The dynamic measurement techniques for MEMS microstructures have attracted a lot of attention in recent years. The micromachined devices which have the features of small size, light weight and low power consumption were successfully applied in both civilian areas and military areas, such as smart weapons, fuse of missile, automobile, ink jet printers and cell phone, etc. [1-5]. For most of MEMS devices, their performance is closely related to the dynamic characteristics of internal moveable microstructures. Therefore, to guide the designing, simulation and manufacturing of MEMS devices, it is very important to study the dynamic characteristics of microstructures and corresponding measurement techniques.

There are two aspects to be considered for MEMS dynamic measurement techniques, the vibration measurement techniques and the excitation methods. Due to the small size and high resonant frequency of microstructure, the conventional modal testing techniques cannot be employed without modification. For the last three decades, many vibration measurement techniques and excitation methods were proposed, and successfully used in MEMS dynamic characterization.

Laser Doppler Vibrometry technique, the famous non-contact measurement method for large conventional structures, has been wildly used in the vibration measurement of microstructures [6]. This method is very effective in both out-of-plane and in-plane vibration measurement. Stroboscopic Phase-shifting Interferometer technique is another valuable method [7]. In this method, the vibration response of the microstructure was obtained by recording the interferograms on the vibrating microstructure with the aid of stroboscopic illumination. Computer-Micro-Vision technique is a non-interferometry-based method [8]. By capturing the periodic motion image of the microstructure and then processing the obtained signal with digital-image-processing algorithms, the vibration responses of microstructures can be obtained. Photomicrography is a unique method for dynamic characterization of microstructures with periodic behaviors [9]. In this method, the microstructure was driven by sweeping driving signal. The resonance frequencies of microstructure can be obtained while the maximum displacement was observed. Electronic Speckle Pattern Interferometry, the video holography technique, was also used to measure the vibration responses of microstructures [10]. This method has shown great potential in the measurement of both out-of-plane and in-plane vibrations of microstructures. Besides these non-contact optical techniques, the methods with embedded sensing elements, such as piezoresistive elements [11], piezoelectric elements [12] and capacitive elements [13], were also employed in the vibration measurement of microstructures. Compared with the non-contact optical methods, the methods with embedded sensing elements have the lower cost, and are suitable for in-situ MEMS dynamic measurement.

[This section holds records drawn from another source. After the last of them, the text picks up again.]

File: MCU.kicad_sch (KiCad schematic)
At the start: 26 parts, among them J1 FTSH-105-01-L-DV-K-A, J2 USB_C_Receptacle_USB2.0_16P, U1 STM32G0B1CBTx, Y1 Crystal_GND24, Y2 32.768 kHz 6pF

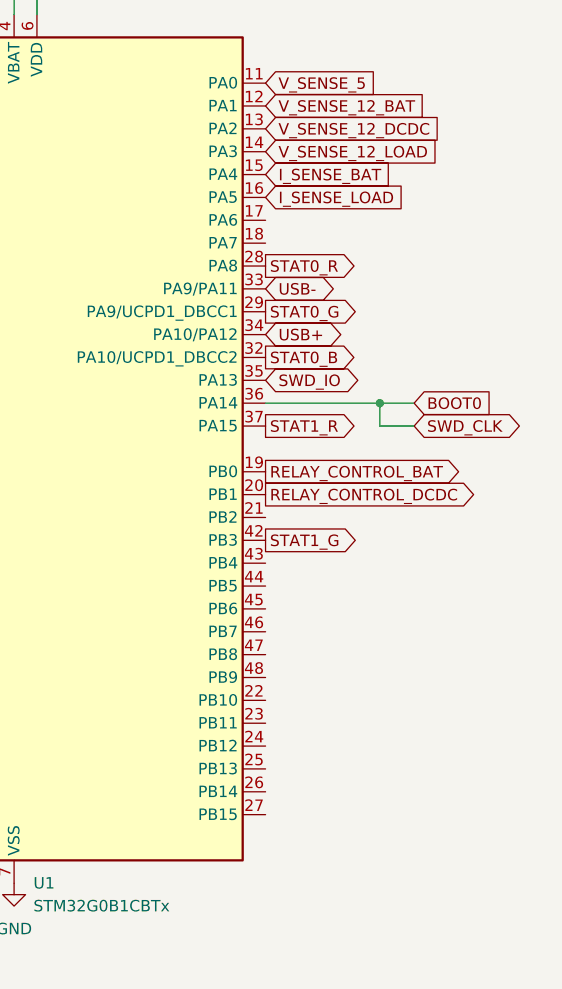
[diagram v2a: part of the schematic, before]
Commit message: schematic changes and initial routing
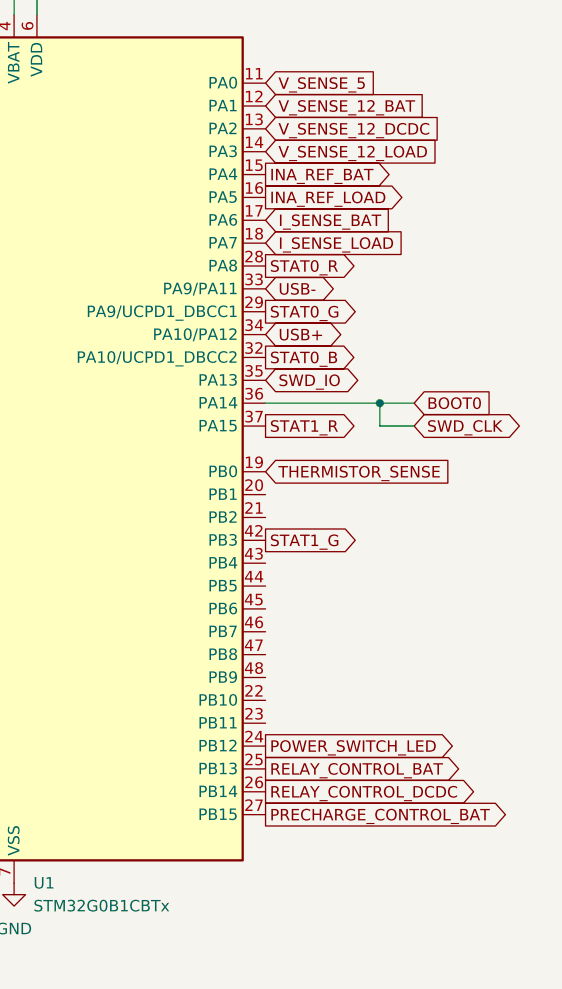
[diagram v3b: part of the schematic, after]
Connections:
- net I_SENSE_BAT: now also U1.17 (PA6); no longer U1.15 (PA4)
- net I_SENSE_LOAD: now also U1.18 (PA7); no longer U1.16 (PA5)
- net RELAY_CONTROL_BAT: now also U1.25 (PB13); no longer U1.19 (PB0)
- net RELAY_CONTROL_DCDC: now also U1.26 (PB14); no longer U1.20 (PB1)
- net POWER_SWITCH_LED: now reaches U1.24 (PB12)
- net PRECHARGE_CONTROL_BAT: now reaches U1.27 (PB15)
- new net INA_REF_BAT: U1.15 (PA4)
- new net INA_REF_LOAD: U1.16 (PA5)
- new net THERMISTOR_SENSE: U1.19 (PB0)
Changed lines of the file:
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@@
 	(global_label "I_SENSE_LOAD"
 		(shape input)
-		(at 248.92 53.34 0)
-		(fields_autoplaced yes)
-		(effects
-			(font
-				(size 1.27 1.27)
-			)
-			(justify left)
-		)
-		(property "Intersheetrefs" "${INTERSHEET_REFS}"
-			(at 265.2099 53.34 0)
+		(at 248.92 58.42 0)
+		(fields_autoplaced yes)
+		(effects
+			(font
+				(size 1.27 1.27)
+			)
+			(justify left)
+		)
+		(property "Intersheetrefs" "${INTERSHEET_REFS}"
+			(at 265.2099 58.42 0)
 			(hide yes)
 			(show_name no)
@@
 		)
 	)
+	(global_label "PRECHARGE_CONTROL_BAT"
+		(shape output)
+		(at 248.92 121.92 0)
+		(fields_autoplaced yes)
+		(effects
+			(font
+				(size 1.27 1.27)
+			)
+			(justify left)
+		)
+		(property "Intersheetrefs" "${INTERSHEET_REFS}"
+			(at 276.7609 121.92 0)
+			(hide yes)
+			(show_name no)
+			(do_not_autoplace no)
+			(effects
+				(font
+					(size 1.27 1.27)
+				)
+				(justify left)
+			)
+		)
+	)
 	(global_label "BTN_USR1"
 		(shape output)
@@
 	(global_label "RELAY_CONTROL_BAT"
 		(shape output)
-		(at 248.92 83.82 0)
-		(fields_autoplaced yes)
-		(effects
-			(font
-				(size 1.27 1.27)
-			)
-			(justify left)
-		)
-		(property "Intersheetrefs" "${INTERSHEET_REFS}"
-			(at 271.3181 83.82 0)
+		(at 248.92 116.84 0)
+		(fields_autoplaced yes)
+		(effects
+			(font
+				(size 1.27 1.27)
+			)
+			(justify left)
+		)
+		(property "Intersheetrefs" "${INTERSHEET_REFS}"
+			(at 271.3181 116.84 0)
 			(hide yes)
 			(show_name no)
@@
 		(property "Intersheetrefs" "${INTERSHEET_REFS}"
 			(at 267.6893 43.18 0)
+			(hide yes)
+			(show_name no)
+			(do_not_autoplace no)
+			(effects
+				(font
+					(size 1.27 1.27)
+				)
+				(justify left)
+			)
+		)
+	)
+	(global_label "INA_REF_LOAD"
+		(shape output)
+		(at 248.92 53.34 0)
+		(fields_autoplaced yes)
+		(effects
+			(font
+				(size 1.27 1.27)
+			)
+			(justify left)
+		)
+		(property "Intersheetrefs" "${INTERSHEET_REFS}"
+			(at 265.0891 53.34 0)
 			(hide yes)
 			(show_name no)
@@
 		)
 	)
+	(global_label "POWER_SWITCH_LED"
+		(shape output)
+		(at 248.92 114.3 0)
+		(fields_autoplaced yes)
+		(effects
+			(font
+				(size 1.27 1.27)
+			)
+			(justify left)
+		)
+		(property "Intersheetrefs" "${INTERSHEET_REFS}"
+			(at 270.5922 114.3 0)
+			(hide yes)
+			(show_name no)
+			(do_not_autoplace no)
+			(effects
+				(font
+					(size 1.27 1.27)
+				)
+				(justify left)
+			)
+		)
+	)
 	(global_label "HSE_OUT"
 		(shape input)
@@
 				)
 				(justify right)
+			)
+		)
+	)
+	(global_label "THERMISTOR_SENSE"
+		(shape input)
+		(at 248.92 83.82 0)
+		(fields_autoplaced yes)
+		(effects
+			(font
+				(size 1.27 1.27)
+			)
+			(justify left)
+		)
+		(property "Intersheetrefs" "${INTERSHEET_REFS}"
+			(at 270.4712 83.82 0)
+			(hide yes)
+			(show_name no)
+			(do_not_autoplace no)
+			(effects
+				(font
+					(size 1.27 1.27)
+				)
+				(justify left)
 			)
 		)
@@
 		)
 	)
-	(global_label "RELAY_CONTROL_DCDC"
-		(shape output)
-		(at 248.92 86.36 0)
-		(fields_autoplaced yes)
-		(effects
-			(font
-				(size 1.27 1.27)
-			)
-			(justify left)
-		)
-		(property "Intersheetrefs" "${INTERSHEET_REFS}"
-			(at 273.0719 86.36 0)
-			(hide yes)
-			(show_name no)
-			(do_not_autoplace no)
-			(effects
-				(font
-					(size 1.27 1.27)
-				)
-				(justify left)
-			)
-		)
-	)
 	(global_label "V_SENSE_12_LOAD"
 		(shape input)
@@
 	(global_label "I_SENSE_BAT"
 		(shape input)
-		(at 248.92 50.8 0)
-		(fields_autoplaced yes)
-		(effects
-			(font
-				(size 1.27 1.27)
-			)
-			(justify left)
-		)
-		(property "Intersheetrefs" "${INTERSHEET_REFS}"
-			(at 263.8189 50.8 0)
+		(at 248.92 55.88 0)
+		(fields_autoplaced yes)
+		(effects
+			(font
+				(size 1.27 1.27)
+			)
+			(justify left)
+		)
+		(property "Intersheetrefs" "${INTERSHEET_REFS}"
+			(at 263.8189 55.88 0)
 			(hide yes)
 			(show_name no)
@@
 		)
 	)
+	(global_label "RELAY_CONTROL_DCDC"
+		(shape output)
+		(at 248.92 119.38 0)
+		(fields_autoplaced yes)
+		(effects
+			(font
+				(size 1.27 1.27)
+			)
+			(justify left)
+		)
+		(property "Intersheetrefs" "${INTERSHEET_REFS}"
+			(at 273.0719 119.38 0)
+			(hide yes)
+			(show_name no)
+			(do_not_autoplace no)
+			(effects
+				(font
+					(size 1.27 1.27)
+				)
+				(justify left)
+			)
+		)
+	)
 	(global_label "STAT1_G"
 		(shape input)
@@
 			(hide yes)
 			(show_name no)
+			(do_not_autoplace no)
+			(effects
+				(font
+					(size 1.27 1.27)
+				)
+				(justify left)
+			)
+		)
+	)
+	(global_label "INA_REF_BAT"
+		(shape output)
+		(at 248.92 50.8 0)
+		(fields_autoplaced yes)
+		(effects
+			(font
+				(size 1.27 1.27)
+			)
+			(justify left)
+		)
+		(property "Intersheetrefs" "${INTERSHEET_REFS}"
+			(at 263.6981 50.8 0)
+			(hide yes)
+			(show_name no)

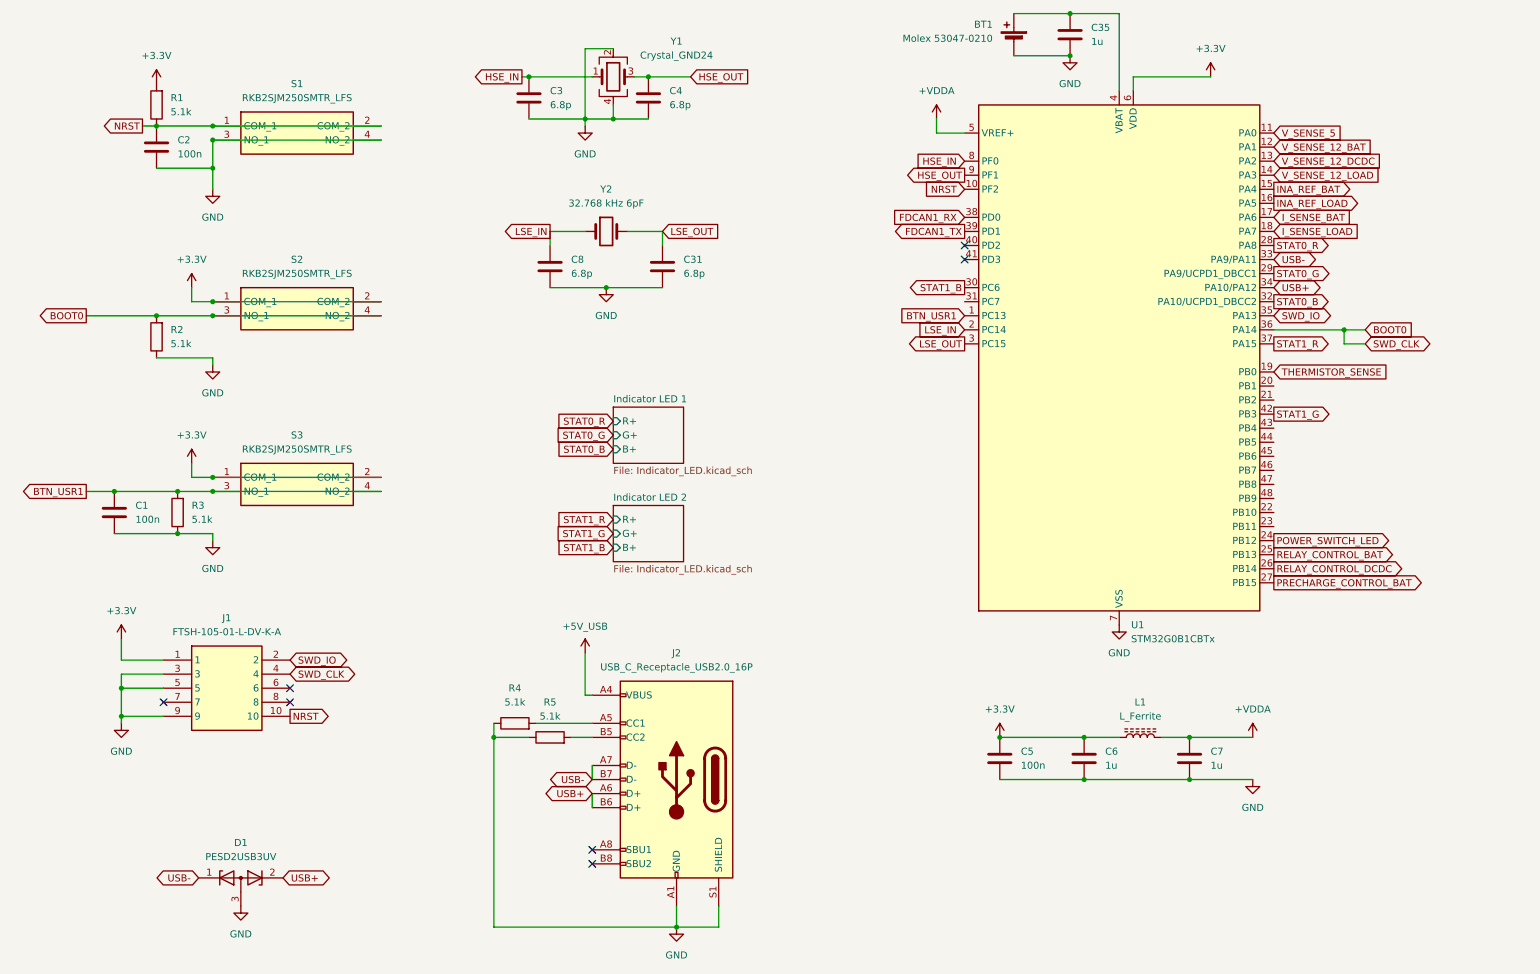
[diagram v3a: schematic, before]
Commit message: finished layout, routing, and silkscreen
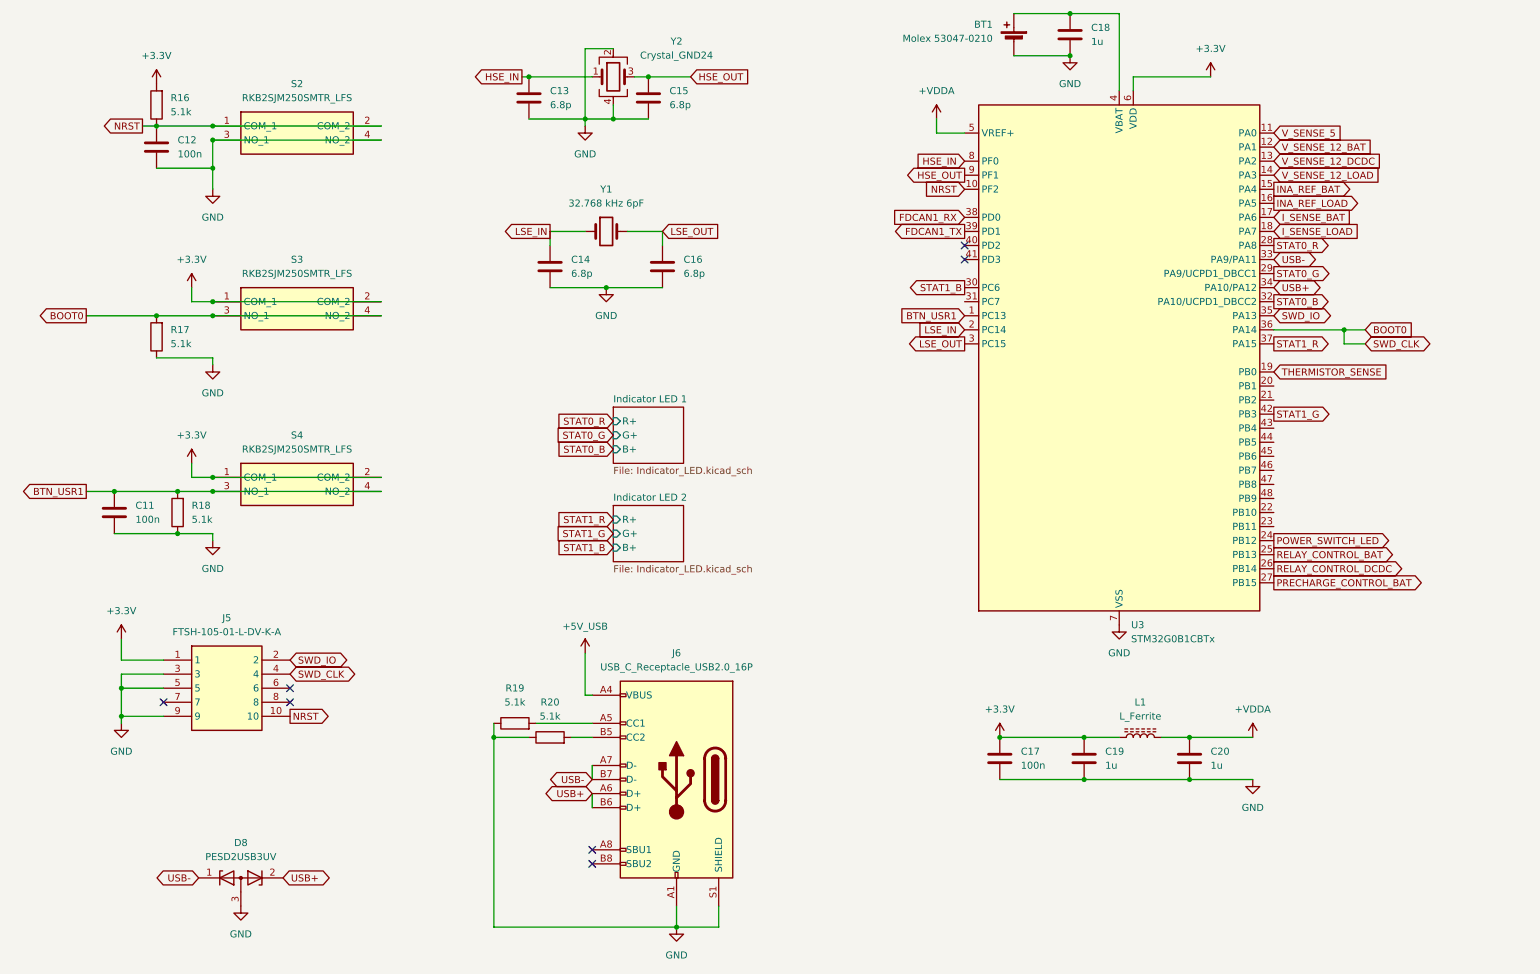
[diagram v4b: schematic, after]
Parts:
- renumbered C1 to C11, C2 to C12, C3 to C13, C8 to C14, C4 to C15, C31 to C16, C5 to C17, C35 to C18, C6 to C19, C7 to C20, D1 to D8, J1 to J5, J2 to J6, R1 to R16, R2 to R17, R3 to R18, R4 to R19, R5 to R20, S1 to S2, S2 to S3, S3 to S4, U1 to U3, Y2 to Y1, Y1 to Y2

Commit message: minor layout and silkscreen tweaks
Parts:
- added J9: Conn_01x09, Connector_PinHeader_2.54mm:PinHeader_1x09_P2.54mm_Vertical, symbol Connector_Generic:Conn_01x09
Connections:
- net +3.3V: now also J9.3 (Pin_3)
- net GND: now also J9.1 (Pin_1)
- net at U3.43 (PB4): now also J9.4 (Pin_4)
- net at U3.44 (PB5): now also J9.5 (Pin_5)
- net at U3.45 (PB6): now also J9.6 (Pin_6)
- net at U3.46 (PB7): now also J9.7 (Pin_7)
- net at U3.47 (PB8): now also J9.8 (Pin_8)
- net at U3.48 (PB9): now also J9.9 (Pin_9)
- new net +5V: J9.2 (Pin_2)

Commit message: r0 final
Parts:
- renumbered D8 to D5, J9 to J7
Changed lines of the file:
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@@
 		(dnp no)
 		(fields_autoplaced yes)
-		(property "Reference" "D8"
+		(property "Reference" "D5"
 			(at 62.23 168.91 0)
 			(show_name no)
@@
 			(project "RSC-LV3-LVBPS"
 				(path "/4bbf2fff-9f66-421d-84bf-68d1dcd1e11d/4b8add19-2d3e-4ee3-9fc6-a72eb5b6d291"
-					(reference "D8")
+					(reference "D5")
 					(unit 1)
 				)
@@
 		(dnp no)
 		(fields_autoplaced yes)
-		(property "Reference" "#PWR071"
+		(property "Reference" "#PWR045"
 			(at 278.13 90.17 0)
 			(hide yes)
@@
 			(project "RSC-LV3-LVBPS"
 				(path "/4bbf2fff-9f66-421d-84bf-68d1dcd1e11d/4b8add19-2d3e-4ee3-9fc6-a72eb5b6d291"
-					(reference "#PWR071")
+					(reference "#PWR045")
 					(unit 1)
 				)
@@
 		(dnp no)
 		(fields_autoplaced yes)
-		(property "Reference" "J9"
+		(property "Reference" "J7"
 			(at 281.94 96.5199 0)
 			(show_name no)
@@
 			(project "RSC-LV3-LVBPS"
 				(path "/4bbf2fff-9f66-421d-84bf-68d1dcd1e11d/4b8add19-2d3e-4ee3-9fc6-a72eb5b6d291"
-					(reference "J9")
+					(reference "J7")
 					(unit 1)
 				)
@@
 		(dnp no)
 		(fields_autoplaced yes)
-		(property "Reference" "#PWR072"
+		(property "Reference" "#PWR046"
 			(at 278.13 92.71 0)
 			(hide yes)
@@
 			(project "RSC-LV3-LVBPS"
 				(path "/4bbf2fff-9f66-421d-84bf-68d1dcd1e11d/4b8add19-2d3e-4ee3-9fc6-a72eb5b6d291"
-					(reference "#PWR072")
+					(reference "#PWR046")
 					(unit 1)
 				)
@@
 		(dnp no)
 		(fields_autoplaced yes)
-		(property "Reference" "#PWR070"
+		(property "Reference" "#PWR044"
 			(at 267.97 87.63 0)
 			(hide yes)
@@
 			(project "RSC-LV3-LVBPS"
 				(path "/4bbf2fff-9f66-421d-84bf-68d1dcd1e11d/4b8add19-2d3e-4ee3-9fc6-a72eb5b6d291"
-					(reference "#PWR070")
+					(reference "#PWR044")
 					(unit 1)
 				)

As to the excitation methods, there are electrostatic excitation method [14], piezoelectric excitation method [15], thermal excitation method [16], magnetic excitation method [17], acoustic excitation method [18], laser excitation method [19], and base excitation method with PZT [20, 21]. These excitation methods can be divided into three categories: the contact excitation method, the non-contact excitation method and the half-non-contact excitation method. The contact excitation method includes the electrostatic excitation method, piezoelectric excitation method, thermal excitation method and magnetic excitation method. These methods need the extra actuating elements to be fabricated in the microstructure. Thus the dynamic characteristics of the microstructure will be changed. The non-contact excitation method includes the laser excitation method and the acoustic excitation method. These two methods have the advantage over the contact excitation method because no additional actuating elements are needed. However, their excitation band widths are not enough for the microstructures with high natural frequencies. The base excitation method with PZT is so-called half-non-contact excitation method. In this method, the microstructure is mounted on the top surface of PZT through a base structure. Applying alternating voltage signals on the two electrodes of PZT, the PZT will vibrate due to the inverse piezoelectric effect. Then the microstructure can be excited by the movement of PZT. Usually, the PZT was driven by a sweeping frequency signal. The resonant frequencies of microstructure can be obtained when the max amplitude occurred. Compared with the other excitation methods, this method is non-destructive and simple. However, this method is limited by the low Curie temperature of piezoelectric materials, because there will be a rapid temperature rise inside the piezoelectric ceramic while the PZT was operating on a high resonance frequency.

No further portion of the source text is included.